No doubt he is very rich, and he spent something like 40 million dollars building a clock (I'm going to assume that was hyperbole from whoever had written that article but it might well be just a damn clock), but the OP is disingenuous, if Amazon's shares drop 30% so does his "wealth". Look at his actual revenue.

It's pointless to point at one person as being too rich, the issue is the tax code, so it's a systemic issue. Bezos can't be expected to gift the US government money. Fix the tax code.

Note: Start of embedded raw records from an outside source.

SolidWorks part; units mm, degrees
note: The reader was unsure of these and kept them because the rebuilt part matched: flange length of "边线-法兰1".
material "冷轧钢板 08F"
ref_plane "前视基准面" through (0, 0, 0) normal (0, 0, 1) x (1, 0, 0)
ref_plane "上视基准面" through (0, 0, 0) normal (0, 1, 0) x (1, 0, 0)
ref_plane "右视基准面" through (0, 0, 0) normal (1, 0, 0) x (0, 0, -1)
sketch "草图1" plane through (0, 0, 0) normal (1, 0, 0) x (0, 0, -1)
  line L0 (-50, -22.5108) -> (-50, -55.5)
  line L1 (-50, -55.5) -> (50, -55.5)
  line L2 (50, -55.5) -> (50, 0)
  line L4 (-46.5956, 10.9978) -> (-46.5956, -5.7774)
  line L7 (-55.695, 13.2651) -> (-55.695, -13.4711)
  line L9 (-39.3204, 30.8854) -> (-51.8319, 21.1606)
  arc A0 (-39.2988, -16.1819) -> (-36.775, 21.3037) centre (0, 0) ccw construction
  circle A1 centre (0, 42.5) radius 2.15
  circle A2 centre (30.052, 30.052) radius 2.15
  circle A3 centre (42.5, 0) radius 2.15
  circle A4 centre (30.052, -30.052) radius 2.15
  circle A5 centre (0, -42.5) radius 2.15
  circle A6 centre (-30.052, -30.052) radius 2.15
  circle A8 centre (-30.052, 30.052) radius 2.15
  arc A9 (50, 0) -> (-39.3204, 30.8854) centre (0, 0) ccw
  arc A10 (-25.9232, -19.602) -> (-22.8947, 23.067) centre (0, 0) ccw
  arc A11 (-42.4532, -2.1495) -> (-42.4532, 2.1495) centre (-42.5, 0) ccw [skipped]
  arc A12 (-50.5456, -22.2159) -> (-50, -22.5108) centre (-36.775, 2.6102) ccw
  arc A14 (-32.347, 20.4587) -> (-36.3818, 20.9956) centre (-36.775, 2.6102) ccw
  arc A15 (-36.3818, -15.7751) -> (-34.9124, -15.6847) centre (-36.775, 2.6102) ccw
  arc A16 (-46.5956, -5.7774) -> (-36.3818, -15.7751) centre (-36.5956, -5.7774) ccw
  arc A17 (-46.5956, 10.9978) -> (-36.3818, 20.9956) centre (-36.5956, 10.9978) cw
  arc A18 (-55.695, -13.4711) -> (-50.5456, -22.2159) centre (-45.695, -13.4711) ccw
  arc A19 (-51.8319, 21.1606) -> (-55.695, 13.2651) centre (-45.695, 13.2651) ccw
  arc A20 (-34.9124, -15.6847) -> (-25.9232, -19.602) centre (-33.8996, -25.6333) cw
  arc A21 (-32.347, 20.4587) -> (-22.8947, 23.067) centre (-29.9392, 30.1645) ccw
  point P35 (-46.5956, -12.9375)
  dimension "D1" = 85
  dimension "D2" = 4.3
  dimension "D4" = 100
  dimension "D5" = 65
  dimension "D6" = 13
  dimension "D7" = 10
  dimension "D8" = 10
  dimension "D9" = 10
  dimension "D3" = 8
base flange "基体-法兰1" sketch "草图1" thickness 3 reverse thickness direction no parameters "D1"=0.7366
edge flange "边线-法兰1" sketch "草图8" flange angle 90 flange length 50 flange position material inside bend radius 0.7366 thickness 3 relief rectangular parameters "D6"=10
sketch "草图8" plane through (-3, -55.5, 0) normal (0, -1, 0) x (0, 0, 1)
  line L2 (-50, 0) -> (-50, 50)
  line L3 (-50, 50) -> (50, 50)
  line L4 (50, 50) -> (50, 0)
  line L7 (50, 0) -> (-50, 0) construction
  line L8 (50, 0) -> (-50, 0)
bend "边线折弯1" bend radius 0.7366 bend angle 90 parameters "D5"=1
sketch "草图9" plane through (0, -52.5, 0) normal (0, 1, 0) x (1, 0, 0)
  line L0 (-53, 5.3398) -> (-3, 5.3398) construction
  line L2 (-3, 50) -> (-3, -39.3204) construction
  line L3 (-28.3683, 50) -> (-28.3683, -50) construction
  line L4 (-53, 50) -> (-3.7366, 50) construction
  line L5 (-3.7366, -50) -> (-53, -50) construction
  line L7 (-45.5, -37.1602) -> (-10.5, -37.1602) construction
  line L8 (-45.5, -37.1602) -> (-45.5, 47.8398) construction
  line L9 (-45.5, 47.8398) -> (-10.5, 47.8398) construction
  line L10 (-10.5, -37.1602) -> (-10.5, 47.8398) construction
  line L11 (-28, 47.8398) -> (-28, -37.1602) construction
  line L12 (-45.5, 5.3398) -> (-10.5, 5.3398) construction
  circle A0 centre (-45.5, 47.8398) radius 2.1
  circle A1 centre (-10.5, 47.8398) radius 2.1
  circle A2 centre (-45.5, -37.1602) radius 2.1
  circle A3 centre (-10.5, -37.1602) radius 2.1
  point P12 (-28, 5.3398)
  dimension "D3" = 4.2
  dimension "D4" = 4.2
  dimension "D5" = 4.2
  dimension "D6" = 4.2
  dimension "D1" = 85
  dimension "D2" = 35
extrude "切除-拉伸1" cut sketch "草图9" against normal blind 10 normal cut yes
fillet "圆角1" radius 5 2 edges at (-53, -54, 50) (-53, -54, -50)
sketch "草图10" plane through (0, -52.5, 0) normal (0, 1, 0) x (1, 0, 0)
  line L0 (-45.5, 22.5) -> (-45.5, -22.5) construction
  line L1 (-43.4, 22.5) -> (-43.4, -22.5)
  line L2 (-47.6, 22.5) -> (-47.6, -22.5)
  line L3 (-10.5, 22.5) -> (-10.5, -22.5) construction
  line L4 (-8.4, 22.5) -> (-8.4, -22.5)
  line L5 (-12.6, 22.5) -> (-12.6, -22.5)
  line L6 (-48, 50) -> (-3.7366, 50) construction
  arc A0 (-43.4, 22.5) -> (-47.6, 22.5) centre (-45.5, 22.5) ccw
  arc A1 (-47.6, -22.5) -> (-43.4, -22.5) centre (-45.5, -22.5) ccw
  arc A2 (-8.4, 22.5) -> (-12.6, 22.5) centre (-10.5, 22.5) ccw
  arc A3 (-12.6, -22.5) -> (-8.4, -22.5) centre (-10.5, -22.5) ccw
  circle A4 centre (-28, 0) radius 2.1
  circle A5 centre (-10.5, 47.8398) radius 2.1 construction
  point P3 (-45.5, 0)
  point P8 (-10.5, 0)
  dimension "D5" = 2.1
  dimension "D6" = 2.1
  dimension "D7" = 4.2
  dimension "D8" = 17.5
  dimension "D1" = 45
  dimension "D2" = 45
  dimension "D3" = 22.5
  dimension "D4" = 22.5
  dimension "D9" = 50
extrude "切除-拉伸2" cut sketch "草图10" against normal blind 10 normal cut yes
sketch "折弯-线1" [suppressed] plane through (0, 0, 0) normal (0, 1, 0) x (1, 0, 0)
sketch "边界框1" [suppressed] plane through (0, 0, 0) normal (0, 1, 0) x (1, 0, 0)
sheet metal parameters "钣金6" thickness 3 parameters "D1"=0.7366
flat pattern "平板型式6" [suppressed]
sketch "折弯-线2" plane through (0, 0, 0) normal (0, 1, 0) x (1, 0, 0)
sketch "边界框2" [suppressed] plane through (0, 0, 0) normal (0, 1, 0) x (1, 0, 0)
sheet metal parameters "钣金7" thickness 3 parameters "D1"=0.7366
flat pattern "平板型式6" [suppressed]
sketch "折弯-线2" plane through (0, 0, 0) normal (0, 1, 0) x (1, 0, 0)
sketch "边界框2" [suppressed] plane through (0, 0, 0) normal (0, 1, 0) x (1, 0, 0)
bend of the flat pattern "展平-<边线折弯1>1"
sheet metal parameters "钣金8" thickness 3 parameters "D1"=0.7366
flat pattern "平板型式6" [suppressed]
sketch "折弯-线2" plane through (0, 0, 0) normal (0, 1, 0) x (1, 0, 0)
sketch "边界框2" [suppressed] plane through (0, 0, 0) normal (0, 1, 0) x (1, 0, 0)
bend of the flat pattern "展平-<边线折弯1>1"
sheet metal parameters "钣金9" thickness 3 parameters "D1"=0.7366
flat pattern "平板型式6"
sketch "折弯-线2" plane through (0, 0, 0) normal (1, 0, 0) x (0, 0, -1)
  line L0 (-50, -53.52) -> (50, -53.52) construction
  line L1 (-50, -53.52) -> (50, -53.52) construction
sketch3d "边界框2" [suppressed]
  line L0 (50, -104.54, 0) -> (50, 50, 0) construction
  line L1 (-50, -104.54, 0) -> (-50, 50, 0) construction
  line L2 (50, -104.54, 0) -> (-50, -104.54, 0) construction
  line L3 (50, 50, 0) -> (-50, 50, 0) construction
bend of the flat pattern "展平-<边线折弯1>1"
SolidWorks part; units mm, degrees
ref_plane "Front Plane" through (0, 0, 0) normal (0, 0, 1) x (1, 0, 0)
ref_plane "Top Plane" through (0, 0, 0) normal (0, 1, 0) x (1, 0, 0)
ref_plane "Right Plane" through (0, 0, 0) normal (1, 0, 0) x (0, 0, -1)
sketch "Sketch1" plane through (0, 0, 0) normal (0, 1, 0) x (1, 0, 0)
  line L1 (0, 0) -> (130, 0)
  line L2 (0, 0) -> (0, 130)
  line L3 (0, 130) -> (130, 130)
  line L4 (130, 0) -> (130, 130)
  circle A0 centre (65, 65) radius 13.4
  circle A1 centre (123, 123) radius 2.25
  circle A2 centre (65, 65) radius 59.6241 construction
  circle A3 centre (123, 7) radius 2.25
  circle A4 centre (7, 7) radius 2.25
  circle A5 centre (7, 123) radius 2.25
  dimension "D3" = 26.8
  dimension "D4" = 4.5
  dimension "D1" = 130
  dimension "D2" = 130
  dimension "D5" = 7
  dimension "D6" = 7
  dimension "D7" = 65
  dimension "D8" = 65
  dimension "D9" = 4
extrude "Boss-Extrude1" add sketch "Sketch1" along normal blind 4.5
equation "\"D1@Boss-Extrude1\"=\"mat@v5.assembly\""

And that's for every employee. IF we exclude the execs and upper management - who are already making crazy amounts of money with bonuses, etc - the salary raise increases. So much money and he doesn't use it to do good. Fuck Bezos

You would only save 49$ x the number of executives, which is probably very small. Might as well give everyone the same amount.
 

PeskyToaster

Member
Oct 27, 2017
15,328
Man rich people just don't get it. People do eventually get sick of this shit and then they get rowdy.
 

mrmoose

Member
Nov 13, 2017
21,502
Do people really think the money to pay workers comes or should come from the personal wealth of the founder and CEO of a publicly traded company? I'm not even sure how that would work if he wanted to donate that large of an amount to the company.
 

Jam

Member
Oct 25, 2017
7,075
A lot of these rich lists aren't entirely accurate, people like Bezos and Zuckerberg don't actually have a bank account with $150bn in them - the vast majority of their wealth is tied up in their ownership of Amazon/Facebook as well as investments and what not. Their actual monetary worth is still in the billions which is ridiculous within itself.

However it is still extremely critical of company practices of how worth doesn't trickle down to the workers and is tied within the board's profiteering. Amazon should absolutely pay their workers better - or at the very least let them have basic fucking human rights at workplaces and improve conditions. People are working their fingers to the bone for the sake of Amazon and deserve better monetary reward, working conditions and benefit packages.
 

Deleted member 12379

User requested account closure
Banned
Oct 27, 2017
1,999
Everything's been getting funneled to the top in slow motion and we've gotten to the point where we actively hate on the systems built to protect us from this bs. We've demonized workers unions to the point of extinction and then wonder why people are pissing in bottles or getting screwed out of rightful worker's comp from legitimate on-the-job injuries. Who knew it's actually much more economical to just shit on people instead while being fully legal in the eyes of the law. That's what leads to "that's just business", "that's just being smart, if they won't someone else will...". This has to be reigned in from a policy level or it leads to the company itself writing that policy.

I also saw this in the article I thought kinda summed it all up.
Bezos has argued that there is not enough philanthropic need on earth for him to spend his billions on. (The Amazon founder, unlike Gates or Zuckerberg, has given away only a tiny fraction of his fortune.) "The only way that I can see to deploy this much financial resource is by converting my Amazon winnings into space travel," he said this spring. "I am going to use my financial lottery winnings from Amazon to fund that."

Bezos is like, thanks for the 150 'billies I'm fuckin outta here. If you think you're getting a golden ticket to the Amazon Jupiter Space Station you better start saving your pennies.